#### What is being asked
From the line containing "Attitude PI Controller - Pitch Angle to Elevator : Gain" down to the line containing "Attitude PI Controller - Bank Angle to Aileron/1 ->" in the records below, reproduce every line exactly, ends included, and omit all others.

#### Data under study
··········

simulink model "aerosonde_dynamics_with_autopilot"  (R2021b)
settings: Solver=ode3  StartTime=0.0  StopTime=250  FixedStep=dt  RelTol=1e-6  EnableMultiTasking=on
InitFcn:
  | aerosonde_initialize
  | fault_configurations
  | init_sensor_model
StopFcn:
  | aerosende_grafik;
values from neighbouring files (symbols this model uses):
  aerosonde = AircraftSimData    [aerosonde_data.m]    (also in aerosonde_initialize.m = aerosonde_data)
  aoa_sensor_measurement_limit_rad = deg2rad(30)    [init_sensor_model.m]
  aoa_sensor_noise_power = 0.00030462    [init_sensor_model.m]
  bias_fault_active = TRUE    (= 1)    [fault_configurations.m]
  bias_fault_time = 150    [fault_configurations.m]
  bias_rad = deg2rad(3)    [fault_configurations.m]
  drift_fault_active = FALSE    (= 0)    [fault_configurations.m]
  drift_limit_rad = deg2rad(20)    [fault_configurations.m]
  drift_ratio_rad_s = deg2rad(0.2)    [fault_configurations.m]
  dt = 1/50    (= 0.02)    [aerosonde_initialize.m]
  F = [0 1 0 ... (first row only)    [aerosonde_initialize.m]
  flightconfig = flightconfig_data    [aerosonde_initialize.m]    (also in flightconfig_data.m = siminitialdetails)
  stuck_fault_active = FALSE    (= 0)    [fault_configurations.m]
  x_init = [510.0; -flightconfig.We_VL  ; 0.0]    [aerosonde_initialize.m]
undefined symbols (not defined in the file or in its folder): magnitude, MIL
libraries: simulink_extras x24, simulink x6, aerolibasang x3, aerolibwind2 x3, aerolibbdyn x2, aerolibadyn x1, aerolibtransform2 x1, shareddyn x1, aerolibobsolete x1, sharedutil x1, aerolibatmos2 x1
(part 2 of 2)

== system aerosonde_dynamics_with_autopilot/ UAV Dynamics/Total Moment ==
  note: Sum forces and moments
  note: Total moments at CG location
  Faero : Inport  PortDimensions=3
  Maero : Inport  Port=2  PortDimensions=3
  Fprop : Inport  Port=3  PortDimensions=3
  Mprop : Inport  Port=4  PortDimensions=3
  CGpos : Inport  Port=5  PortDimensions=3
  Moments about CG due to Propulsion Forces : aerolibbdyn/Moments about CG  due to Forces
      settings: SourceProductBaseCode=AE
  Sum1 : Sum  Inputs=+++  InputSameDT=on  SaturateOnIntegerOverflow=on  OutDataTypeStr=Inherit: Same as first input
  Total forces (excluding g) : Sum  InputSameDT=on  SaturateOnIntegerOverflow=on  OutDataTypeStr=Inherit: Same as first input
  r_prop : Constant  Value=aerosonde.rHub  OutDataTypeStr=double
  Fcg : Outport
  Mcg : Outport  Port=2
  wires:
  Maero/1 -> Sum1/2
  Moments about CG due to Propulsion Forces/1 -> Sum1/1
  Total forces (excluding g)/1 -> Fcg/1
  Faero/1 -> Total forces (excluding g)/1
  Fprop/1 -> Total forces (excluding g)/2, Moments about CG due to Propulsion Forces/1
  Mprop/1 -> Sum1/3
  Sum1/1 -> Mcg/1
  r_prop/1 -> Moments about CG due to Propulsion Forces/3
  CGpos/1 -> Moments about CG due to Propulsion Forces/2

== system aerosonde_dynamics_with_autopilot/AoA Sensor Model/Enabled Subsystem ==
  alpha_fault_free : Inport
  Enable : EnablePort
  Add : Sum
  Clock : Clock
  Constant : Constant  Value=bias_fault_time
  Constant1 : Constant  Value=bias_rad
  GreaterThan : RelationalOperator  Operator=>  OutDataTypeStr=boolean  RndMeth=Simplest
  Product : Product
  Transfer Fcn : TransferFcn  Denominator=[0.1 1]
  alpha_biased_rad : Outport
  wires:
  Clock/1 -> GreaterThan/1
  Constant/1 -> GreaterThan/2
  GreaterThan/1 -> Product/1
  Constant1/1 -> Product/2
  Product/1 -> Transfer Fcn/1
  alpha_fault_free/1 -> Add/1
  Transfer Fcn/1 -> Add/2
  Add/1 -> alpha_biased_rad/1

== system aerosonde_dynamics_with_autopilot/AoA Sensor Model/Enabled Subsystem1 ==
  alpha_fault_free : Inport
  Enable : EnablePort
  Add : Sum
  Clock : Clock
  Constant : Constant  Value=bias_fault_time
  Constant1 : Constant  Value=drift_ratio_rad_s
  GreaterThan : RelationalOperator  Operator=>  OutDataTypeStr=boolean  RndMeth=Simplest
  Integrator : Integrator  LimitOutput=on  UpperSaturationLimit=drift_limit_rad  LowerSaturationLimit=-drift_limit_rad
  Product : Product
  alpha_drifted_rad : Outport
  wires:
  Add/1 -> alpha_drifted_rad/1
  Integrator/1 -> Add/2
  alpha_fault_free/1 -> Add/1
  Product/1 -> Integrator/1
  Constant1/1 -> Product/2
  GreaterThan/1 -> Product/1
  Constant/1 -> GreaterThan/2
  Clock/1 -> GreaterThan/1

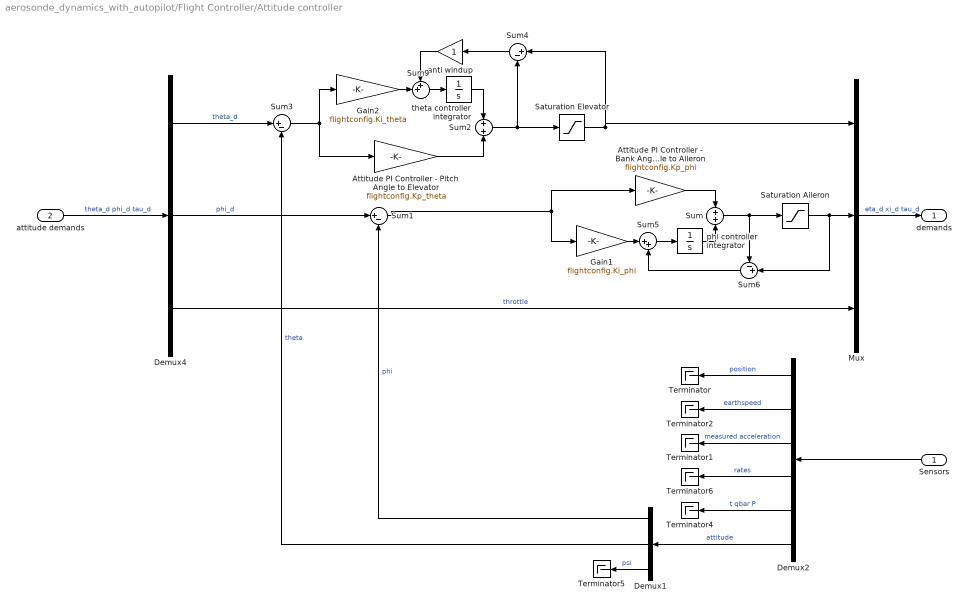
== system aerosonde_dynamics_with_autopilot/Flight Controller/Attitude controller ==
  Sensors : Inport
  attitude demands : Inport  Port=2
  Attitude PI Controller - Bank Angle to Aileron : Gain  Gain=flightconfig.Kp_phi
  Attitude PI Controller - Pitch Angle to Elevator : Gain  Gain=flightconfig.Kp_theta
  Demux1 : Demux  Outputs=3
      settings: DisplayOption=none
  Demux2 : Demux  Outputs=[3 3 3 3 3 3]
  Demux4 : Demux  Outputs=3
      settings: DisplayOption=none
  Gain1 : Gain  Gain=flightconfig.Ki_phi
  Gain2 : Gain  Gain=flightconfig.Ki_theta
  Mux : Mux  Inputs=3
  Saturation Aileron : Saturate  UpperLimit=20*pi/180  LowerLimit=-20*pi/180  ZeroCross=off
  Saturation Elevator : Saturate  UpperLimit=20*pi/180  LowerLimit=-20*pi/180  ZeroCross=off
  Sum : Sum  Inputs=+|+
  Sum1 : Sum  Inputs=|+-
  Sum2 : Sum  Inputs=+|+
  Sum3 : Sum  Inputs=|+-
  Sum4 : Sum  Inputs=|+-
  Sum5 : Sum  Inputs=|++
  Sum6 : Sum  Inputs=-+|
  Sum9 : Sum  Inputs=++|
  Terminator{,1..2,4..6} (6 alike) : Terminator
  anti windup : Gain
  phi controller integrator : Integrator  InitialCondition=flightconfig.xi_trim
  theta controller integrator : Integrator  InitialCondition=flightconfig.eta_trim + flightconfig.Ktheta_eta*flightconfig.theta_trim + flightconfig.Kq_eta*flightconfig.q_trim
  demands : Outport
  wires:
  Sum1/1 -> Attitude PI Controller - Bank Angle to Aileron/1, Gain1/1
  Demux4/2 -> Sum1/1  "phi_d"
  Sum3/1 -> Gain2/1, Attitude PI Controller - Pitch Angle to Elevator/1
  theta controller integrator/1 -> Sum2/1
  Attitude PI Controller - Pitch Angle to Elevator/1 -> Sum2/2
  Gain2/1 -> Sum9/2
  Sum9/1 -> theta controller integrator/1
  Sum2/1 -> Saturation Elevator/1, Sum4/2
  Saturation Elevator/1 -> Sum4/1, Mux/1
  Sum4/1 -> anti windup/1
  anti windup/1 -> Sum9/1
  phi controller integrator/1 -> Sum/2
  Sum/1 -> Saturation Aileron/1, Sum6/1
  Demux4/3 -> Mux/3  "throttle"
  attitude demands/1 -> Demux4/1  "theta_d phi_d tau_d"
  Mux/1 -> demands/1  "eta_d xi_d tau_d"
  Demux4/1 -> Sum3/1  "theta_d"
  Attitude PI Controller - Bank Angle to Aileron/1 -> Sum/1
  Demux2/2 -> Terminator2/1  "earthspeed"
  Demux2/3 -> Terminator1/1  "measured acceleration"
  Sensors/1 -> Demux2/1
  Demux2/5 -> Terminator4/1  "t qbar P"
  Demux2/1 -> Terminator/1  "position"
  Demux2/6 -> Demux1/1  "attitude"
  Demux1/1 -> Sum1/2  "phi"
  Demux1/2 -> Sum3/2  "theta"
  Demux1/3 -> Terminator5/1  "psi"
  Demux2/4 -> Terminator6/1  "rates"
  Saturation Aileron/1 -> Mux/2, Sum6/2
  Gain1/1 -> Sum5/1
  Sum5/1 -> phi controller integrator/1
  Sum6/1 -> Sum5/2

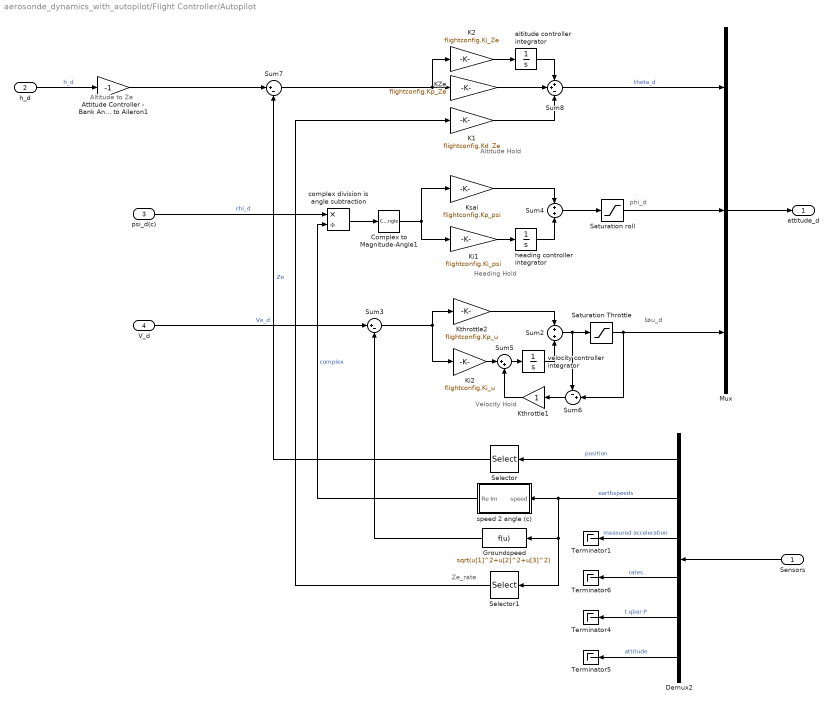
== system aerosonde_dynamics_with_autopilot/Flight Controller/Autopilot ==
  note: Heading Hold
  note: Altitude to Ze
  note: Velocity Hold
  note: Altitude Hold
  note: phi_d
  note: tau_d
  note: Ze_rate
  Sensors : Inport
  h_d : Inport  Port=2
  psi_d(c) : Inport  Port=3
  V_d : Inport  Port=4
  Attitude Controller - Bank Angle to Aileron1 : Gain  Gain=-1
  Complex to Magnitude-Angle1 : ComplexToMagnitudeAngle  Output=Angle
  Demux2 : Demux  Outputs=[3 3 3 3 3 3]
  Groundspeed : Fcn  Expr=sqrt(u[1]^2+u[2]^2+u[3]^2)
  K1 : Gain  Gain=flightconfig.Kd_Ze
  K2 : Gain  Gain=flightconfig.Ki_Ze
  KZe : Gain  Gain=flightconfig.Kp_Ze
  Ki1 : Gain  Gain=flightconfig.Ki_psi
  Ki2 : Gain  Gain=flightconfig.Ki_u
  Ksai : Gain  Gain=flightconfig.Kp_psi
  Kthrottle1 : Gain
  Kthrottle2 : Gain  Gain=flightconfig.Kp_u
  Mux : Mux  Inputs=3
  Saturation Throttle : Saturate  UpperLimit=1  LowerLimit=0  ZeroCross=off
  Saturation roll : Saturate  UpperLimit=1.1  LowerLimit=-1.1  ZeroCross=off
  Selector : Selector  InputPortWidth=3  IndexOptions=Index vector (dialog)  Indices=3  OutputSizes=1
  Selector1 : Selector  InputPortWidth=3  IndexOptions=Index vector (dialog)  Indices=3  OutputSizes=1
  Sum2 : Sum
  Sum3 : Sum  Inputs=|+-
  Sum4 : Sum
  Sum5 : Sum  Inputs=|++
  Sum6 : Sum  Inputs=-+|
  Sum7 : Sum  Inputs=|+-
  Sum8 : Sum  Inputs=++-
  Terminator{1,4..6} (4 alike) : Terminator
  altitude controller integrator : Integrator  InitialCondition=flightconfig.theta_trim  LimitOutput=on  UpperSaturationLimit=.3  LowerSaturationLimit=-.3
  complex division is angle subtraction : Product  Inputs=*/
  heading controller integrator : Integrator  InitialCondition=flightconfig.chi_trim  LimitOutput=on  UpperSaturationLimit=1.2  LowerSaturationLimit=-1.2
  speed 2 angle (c) : Subsystem
  velocity controller integrator : Integrator  InitialCondition=flightconfig.tau_trim
  attitude_d : Outport
  wires:
  Ksai/1 -> Sum4/1
  Sum7/1 -> KZe/1, K2/1
  KZe/1 -> Sum8/2
  K2/1 -> altitude controller integrator/1
  altitude controller integrator/1 -> Sum8/1
  K1/1 -> Sum8/3
  Attitude Controller - Bank Angle to Aileron1/1 -> Sum7/1
  Kthrottle2/1 -> Sum2/1
  Sum2/1 -> Saturation Throttle/1, Sum6/1
  Sum3/1 -> Kthrottle2/1, Ki2/1
  Saturation Throttle/1 -> Sum6/2, Mux/3
  Ki2/1 -> Sum5/1
  Sum5/1 -> velocity controller integrator/1
  velocity controller integrator/1 -> Sum2/2
  Sum6/1 -> Kthrottle1/1
  Kthrottle1/1 -> Sum5/2
  Ki1/1 -> heading controller integrator/1
  h_d/1 -> Attitude Controller - Bank Angle to Aileron1/1  "h_d"
  V_d/1 -> Sum3/1  "Ve_d"
  Sum8/1 -> Mux/1  "theta_d"
  Sum4/1 -> Saturation roll/1
  Demux2/2 -> Groundspeed/1, Selector1/1, speed 2 angle (c)/1(speed)  "earthspeeds"
  Demux2/3 -> Terminator1/1  "measured acceleration"
  Sensors/1 -> Demux2/1
  Demux2/5 -> Terminator4/1  "t qbar P"
  Demux2/1 -> Selector/1  "position"
  Demux2/4 -> Terminator6/1  "rates"
  Demux2/6 -> Terminator5/1  "attitude"
  Groundspeed/1 -> Sum3/2
  heading controller integrator/1 -> Sum4/2
  Selector1/1 -> K1/1
  Mux/1 -> attitude_d/1
  psi_d(c)/1 -> complex division is angle subtraction/1  "chi_d"
  Saturation roll/1 -> Mux/2
  speed 2 angle (c)/1(Re Im) -> complex division is angle subtraction/2  "complex"
  complex division is angle subtraction/1 -> Complex to Magnitude-Angle1/1
  Complex to Magnitude-Angle1/1 -> Ksai/1, Ki1/1
  Selector/1 -> Sum7/2  "Ze"

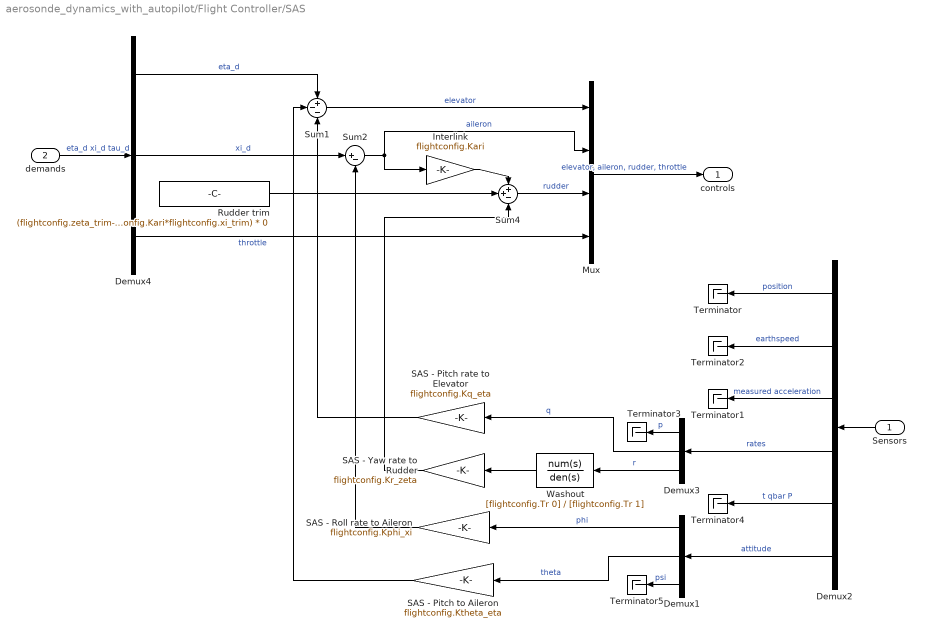
== system aerosonde_dynamics_with_autopilot/Flight Controller/SAS ==
  Sensors : Inport
  demands : Inport  Port=2
  Demux1 : Demux  Outputs=3
      settings: DisplayOption=none
  Demux2 : Demux  Outputs=[3 3 3 3 3 3]
  Demux3 : Demux  Outputs=3
      settings: DisplayOption=none
  Demux4 : Demux  Outputs=3
      settings: DisplayOption=none
  Interlink : Gain  Gain=flightconfig.Kari
  Mux : Mux
  Rudder trim : Constant  Value=(flightconfig.zeta_trim-flightconfig.Kari*flightconfig.xi_trim) * 0
  SAS - Pitch rate to Elevator : Gain  Gain=flightconfig.Kq_eta
  SAS - Pitch to Aileron : Gain  Gain=flightconfig.Ktheta_eta
  SAS - Roll rate to Aileron : Gain  Gain=flightconfig.Kphi_xi
  SAS - Yaw rate to Rudder : Gain  Gain=flightconfig.Kr_zeta
  Sum1 : Sum  Inputs=+--
  Sum2 : Sum  Inputs=|+-
  Sum4 : Sum  Inputs=++-
  Terminator{,1..5} (6 alike) : Terminator
  Washout : TransferFcn  Numerator=[flightconfig.Tr 0]  Denominator=[flightconfig.Tr 1]
  controls : Outport
  wires:
  Washout/1 -> SAS - Yaw rate to Rudder/1
  Demux3/3 -> Washout/1  "r"
  Demux2/2 -> Terminator2/1  "earthspeed"
  Demux2/3 -> Terminator1/1  "measured acceleration"
  Sensors/1 -> Demux2/1
  Demux2/4 -> Demux3/1  "rates"
  Demux2/5 -> Terminator4/1  "t qbar P"
  Demux3/2 -> SAS - Pitch rate to Elevator/1  "q"
  Demux2/1 -> Terminator/1  "position"
  Demux2/6 -> Demux1/1  "attitude"
  Demux3/1 -> Terminator3/1  "p"
  Demux4/3 -> Mux/4  "throttle"
  Sum4/1 -> Mux/3  "rudder"
  Sum1/1 -> Mux/1  "elevator"
  Demux4/1 -> Sum1/1  "eta_d"
  Demux4/2 -> Sum2/1  "xi_d"
  Sum2/1 -> Interlink/1, Mux/2  "aileron"
  Rudder trim/1 -> Sum4/2
  Interlink/1 -> Sum4/1
  Demux1/1 -> SAS - Roll rate to Aileron/1  "phi"
  Demux1/2 -> SAS - Pitch to Aileron/1  "theta"
  SAS - Pitch to Aileron/1 -> Sum1/2
  Demux1/3 -> Terminator5/1  "psi"
  SAS - Yaw rate to Rudder/1 -> Sum4/3
  SAS - Roll rate to Aileron/1 -> Sum2/2
  SAS - Pitch rate to Elevator/1 -> Sum1/3
  Mux/1 -> controls/1  "elevator, aileron, rudder, throttle"
  demands/1 -> Demux4/1  "eta_d xi_d tau_d"

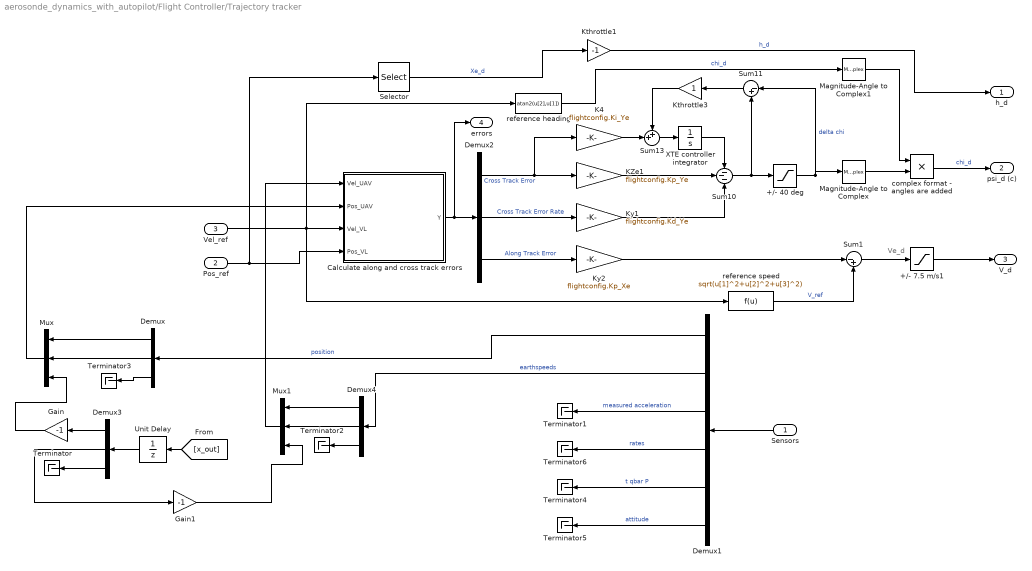
== system aerosonde_dynamics_with_autopilot/Flight Controller/Trajectory tracker ==
  note: Ve_d
  Sensors : Inport  PortDimensions=18
  Pos_ref : Inport  Port=2
  Vel_ref : Inport  Port=3
  +/- 40 deg : Saturate  UpperLimit=+40.0*pi/180  LowerLimit=-40*pi/180  ZeroCross=off
  +/- 7.5 m/s1 : Saturate  UpperLimit=90  LowerLimit=18  ZeroCross=off
  Calculate along and cross track errors : MATLAB Function  TreatAsAtomicUnit=on
  Demux{,2..4} (4 alike) : Demux  Outputs=3
  Demux1 : Demux  Outputs=[3 3 3 3 3 3]
  Gain : Gain  Gain=-1
  Gain1 : Gain  Gain=-1
  K4 : Gain  Gain=flightconfig.Ki_Ye
  KZe1 : Gain  Gain=flightconfig.Kp_Ye
  Kthrottle1 : Gain  Gain=-1
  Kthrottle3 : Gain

··········

#### Written answer
  Attitude PI Controller - Pitch Angle to Elevator : Gain  Gain=flightconfig.Kp_theta
  Demux1 : Demux  Outputs=3
      settings: DisplayOption=none
  Demux2 : Demux  Outputs=[3 3 3 3 3 3]
  Demux4 : Demux  Outputs=3
      settings: DisplayOption=none
  Gain1 : Gain  Gain=flightconfig.Ki_phi
  Gain2 : Gain  Gain=flightconfig.Ki_theta
  Mux : Mux  Inputs=3
  Saturation Aileron : Saturate  UpperLimit=20*pi/180  LowerLimit=-20*pi/180  ZeroCross=off
  Saturation Elevator : Saturate  UpperLimit=20*pi/180  LowerLimit=-20*pi/180  ZeroCross=off
  Sum : Sum  Inputs=+|+
  Sum1 : Sum  Inputs=|+-
  Sum2 : Sum  Inputs=+|+
  Sum3 : Sum  Inputs=|+-
  Sum4 : Sum  Inputs=|+-
  Sum5 : Sum  Inputs=|++
  Sum6 : Sum  Inputs=-+|
  Sum9 : Sum  Inputs=++|
  Terminator{,1..2,4..6} (6 alike) : Terminator
  anti windup : Gain
  phi controller integrator : Integrator  InitialCondition=flightconfig.xi_trim
  theta controller integrator : Integrator  InitialCondition=flightconfig.eta_trim + flightconfig.Ktheta_eta*flightconfig.theta_trim + flightconfig.Kq_eta*flightconfig.q_trim
  demands : Outport
  wires:
  Sum1/1 -> Attitude PI Controller - Bank Angle to Aileron/1, Gain1/1
  Demux4/2 -> Sum1/1  "phi_d"
  Sum3/1 -> Gain2/1, Attitude PI Controller - Pitch Angle to Elevator/1
  theta controller integrator/1 -> Sum2/1
  Attitude PI Controller - Pitch Angle to Elevator/1 -> Sum2/2
  Gain2/1 -> Sum9/2
  Sum9/1 -> theta controller integrator/1
  Sum2/1 -> Saturation Elevator/1, Sum4/2
  Saturation Elevator/1 -> Sum4/1, Mux/1
  Sum4/1 -> anti windup/1
  anti windup/1 -> Sum9/1
  phi controller integrator/1 -> Sum/2
  Sum/1 -> Saturation Aileron/1, Sum6/1
  Demux4/3 -> Mux/3  "throttle"
  attitude demands/1 -> Demux4/1  "theta_d phi_d tau_d"
  Mux/1 -> demands/1  "eta_d xi_d tau_d"
  Demux4/1 -> Sum3/1  "theta_d"
  Attitude PI Controller - Bank Angle to Aileron/1 -> Sum/1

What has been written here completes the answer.